(RNS) — On May 31, just before protests over the killing of George Floyd pushed COVID-related news onto the back burner, the U.S. Supreme Court declined to grant an injunction sought by a Pentecostal church in California to suspend Gov. Gavin Newsom’s requirement that in-person worship be held to 25% of building capacity or 100 attendees.
The court was narrowly divided 5-4, with Chief Justice John Roberts siding with the four-member liberal wing in a written concurrence opposed by a written dissent from Justice Brett Kavanaugh.
Since restrictions on in-person worship have eased by now in California and other places around the country, this might not seem like a big deal. But by siding with the government in the hot religious liberty issue of the past few months, Roberts makes clear that his vote is no sure thing for the conservative side in the religious liberty cases the court will decide in the coming weeks.
Arguing that California’s guidelines “appear consistent with the Free Exercise Clause,” Roberts wrote:
Similar or more severe restrictions apply to comparable secular gatherings, including lectures, concerts, movie showings, spectator sports, and theatrical performances, where large groups of people gather in close proximity for extended periods of time. And the Order exempts or treats more leniently only dissimilar activities, such as operating grocery stores, banks, and laundromats, in which people neither congregate in large groups nor remain in close proximity for extended periods.
For his part, Kavanaugh ignored Roberts’ comparisons and simply asserted that by allowing people to frequent those places which Roberts judged dissimilar, California was unconstitutionally discriminating against religion.
Kavanaugh’s dissent, which was joined by Justices Clarence Thomas and Neil Gorsuch, is a good example of the spiritual libertarianism rampant on the right these days. It follows the conservative Christian Legal Society’s recent claim that “the First Amendment right for religious congregations to assemble is unalienable and fundamental” — effectively proof against any government restriction.

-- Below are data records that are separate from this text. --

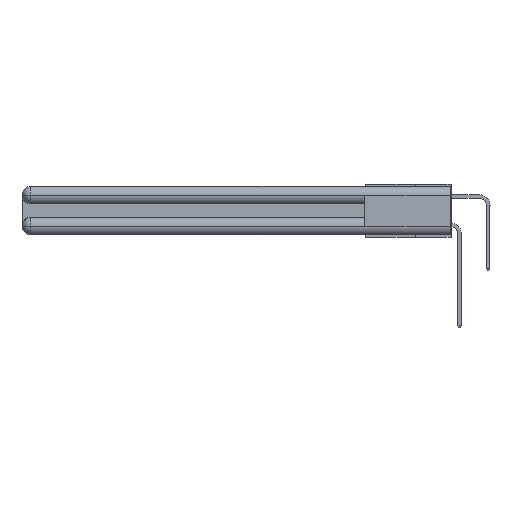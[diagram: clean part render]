
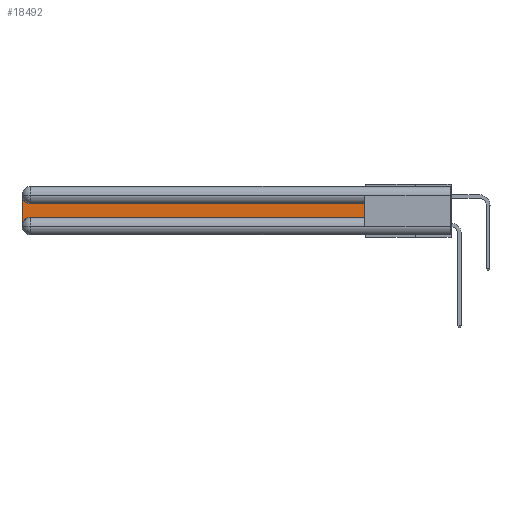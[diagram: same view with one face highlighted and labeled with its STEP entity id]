
A CAD part, left-side view. The second image highlights one B-rep face of the part: STEP entity #18492.
In plain terms, the highlighted planar face has unit normal (-1, 0, 0).
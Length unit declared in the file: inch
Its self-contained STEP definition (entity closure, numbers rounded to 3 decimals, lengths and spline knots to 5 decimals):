
#1260 = AXIS2_PLACEMENT_3D ( 'NONE', #19946, #17403, #11903 ) ;
#1444 = ORIENTED_EDGE ( 'NONE', *, *, #25677, .T. ) ;
#1552 = LINE ( 'NONE', #23608, #4443 ) ;
#1880 = CARTESIAN_POINT ( 'NONE',  ( 0.075, 2.94, -0.1225 ) ) ;
#2982 = DIRECTION ( 'NONE',  ( 0., 1., 0. ) ) ;
#4443 = VECTOR ( 'NONE', #21035, 39.37008 ) ;
#5636 = DIRECTION ( 'NONE',  ( 0., 0., -1. ) ) ;
#6240 = ORIENTED_EDGE ( 'NONE', *, *, #6251, .T. ) ;
#6251 = EDGE_CURVE ( 'NONE', #12928, #21842, #16273, .T. ) ;
#6292 = VECTOR ( 'NONE', #7198, 39.37008 ) ;
#6835 = DIRECTION ( 'NONE',  ( 0., 0., 1. ) ) ;
#7198 = DIRECTION ( 'NONE',  ( 0., 0., -1. ) ) ;
#9639 = ORIENTED_EDGE ( 'NONE', *, *, #30300, .T. ) ;
#9973 = CARTESIAN_POINT ( 'NONE',  ( 0.075, 3., -0.2175 ) ) ;
#10377 = EDGE_CURVE ( 'NONE', #26773, #26048, #31209, .T. ) ;
#11792 = VECTOR ( 'NONE', #2982, 39.37008 ) ;
#11903 = DIRECTION ( 'NONE',  ( 0., 0., -1. ) ) ;
#12842 = DIRECTION ( 'NONE',  ( 1., 0., 0. ) ) ;
#12928 = VERTEX_POINT ( 'NONE', #1880 ) ;
#13697 = DIRECTION ( 'NONE',  ( 1., 0., 0. ) ) ;
#13850 = CARTESIAN_POINT ( 'NONE',  ( 0.075, 0.6, -0.2175 ) ) ;
#13915 = CARTESIAN_POINT ( 'NONE',  ( 0.075, 2.94, -0.0625 ) ) ;
#15759 = AXIS2_PLACEMENT_3D ( 'NONE', #13915, #13697, #5636 ) ;
#16173 = CARTESIAN_POINT ( 'NONE',  ( 0.075, 0.6, -0.1225 ) ) ;
#16273 = CIRCLE ( 'NONE', #15759, 0.06 ) ;
#16395 = LINE ( 'NONE', #16173, #11792 ) ;
#16801 = ORIENTED_EDGE ( 'NONE', *, *, #23198, .T. ) ;
#16842 = FACE_OUTER_BOUND ( 'NONE', #29353, .T. ) ;
#16908 = CARTESIAN_POINT ( 'NONE',  ( 0.075, 0.6, -0.2175 ) ) ;
#17403 = DIRECTION ( 'NONE',  ( 1., 0., 0. ) ) ;
#18492 = ADVANCED_FACE ( 'NONE', ( #16842 ), #30877, .F. ) ;
#19143 = VERTEX_POINT ( 'NONE', #20488 ) ;
#19946 = CARTESIAN_POINT ( 'NONE',  ( 0.075, 2.94, -0.2775 ) ) ;
#20025 = LINE ( 'NONE', #9973, #6292 ) ;
#20488 = CARTESIAN_POINT ( 'NONE',  ( 0.075, 3., -0.2775 ) ) ;
#20783 = VECTOR ( 'NONE', #6835, 39.37008 ) ;
#21035 = DIRECTION ( 'NONE',  ( 0., -1., 0. ) ) ;
#21529 = ORIENTED_EDGE ( 'NONE', *, *, #28379, .T. ) ;
#21842 = VERTEX_POINT ( 'NONE', #30786 ) ;
#22312 = CIRCLE ( 'NONE', #1260, 0.06 ) ;
#22967 = CARTESIAN_POINT ( 'NONE',  ( 0.075, 3., -0.1225 ) ) ;
#23029 = AXIS2_PLACEMENT_3D ( 'NONE', #22967, #12842, #29691 ) ;
#23198 = EDGE_CURVE ( 'NONE', #19143, #30015, #22312, .T. ) ;
#23608 = CARTESIAN_POINT ( 'NONE',  ( 0.075, 0.6, -0.2175 ) ) ;
#25677 = EDGE_CURVE ( 'NONE', #21842, #19143, #20025, .T. ) ;
#26048 = VERTEX_POINT ( 'NONE', #32622 ) ;
#26773 = VERTEX_POINT ( 'NONE', #16908 ) ;
#28379 = EDGE_CURVE ( 'NONE', #30015, #26773, #1552, .T. ) ;
#29353 = EDGE_LOOP ( 'NONE', ( #9639, #6240, #1444, #16801, #21529, #31145 ) ) ;
#29691 = DIRECTION ( 'NONE',  ( 0., 0., -1. ) ) ;
#30015 = VERTEX_POINT ( 'NONE', #34153 ) ;
#30300 = EDGE_CURVE ( 'NONE', #26048, #12928, #16395, .T. ) ;
#30786 = CARTESIAN_POINT ( 'NONE',  ( 0.075, 3., -0.0625 ) ) ;
#30877 = PLANE ( 'NONE',  #23029 ) ;
#31145 = ORIENTED_EDGE ( 'NONE', *, *, #10377, .T. ) ;
#31209 = LINE ( 'NONE', #13850, #20783 ) ;
#32622 = CARTESIAN_POINT ( 'NONE',  ( 0.075, 0.6, -0.1225 ) ) ;
#34153 = CARTESIAN_POINT ( 'NONE',  ( 0.075, 2.94, -0.2175 ) ) ;

By contrast, Roberts emphasizes the government’s particular responsibility for guaranteeing public safety, stating, “The precise question of when restrictions on particular social activities should be lifted during the pandemic is a dynamic and fact-intensive matter subject to reasonable disagreement.”
How far Roberts is willing to let secular law supersede religious desire will shortly be on display in three Supreme Court decisions.
In Espinoza v. Montana Department of Revenue, several low-income mothers were denied state scholarship funds for use at a Christian school based on a state constitutional prohibition of “direct or indirect” public funding of religiously affiliated educational programs. The court will decide whether that prohibition violates the U.S. Constitution.
In Little Sisters of the Poor and Saints Peter and Paul Home v. Pennsylvania and New Jersey, two states are contesting a Trump administration rule allowing broad religious and moral exemptions to the Affordable Care Act’s mandate that health insurance policies provide women with free contraceptive care. The court will decide whether the states are entitled to challenge the rule and, if they are, whether the administration acted lawfully in establishing it.
In Our Lady of Guadalupe School v. Agnes Morrissey-Berru, a teacher at a Catholic school brought an age discrimination suit, claiming that she was not a “minister” and therefore that the school was not entitled to claim the “ministerial exception” recognized unanimously by the court eight years ago in Hosanna-Tabor Evangelical Lutheran Church & School v. EEOC. The court will decide whether to limit the reach of the exception.
If there’s anywhere that Roberts is likely to show his reluctance to roll over for religious prerogatives, I’d say it’s in Little Sisters. There, the present administration is seeking to weaken the power of the Affordable Care Act to ensure comprehensive health coverage for Americans.
Roberts has stood up for the ACA before. We’ll soon find out if he’ll do it again.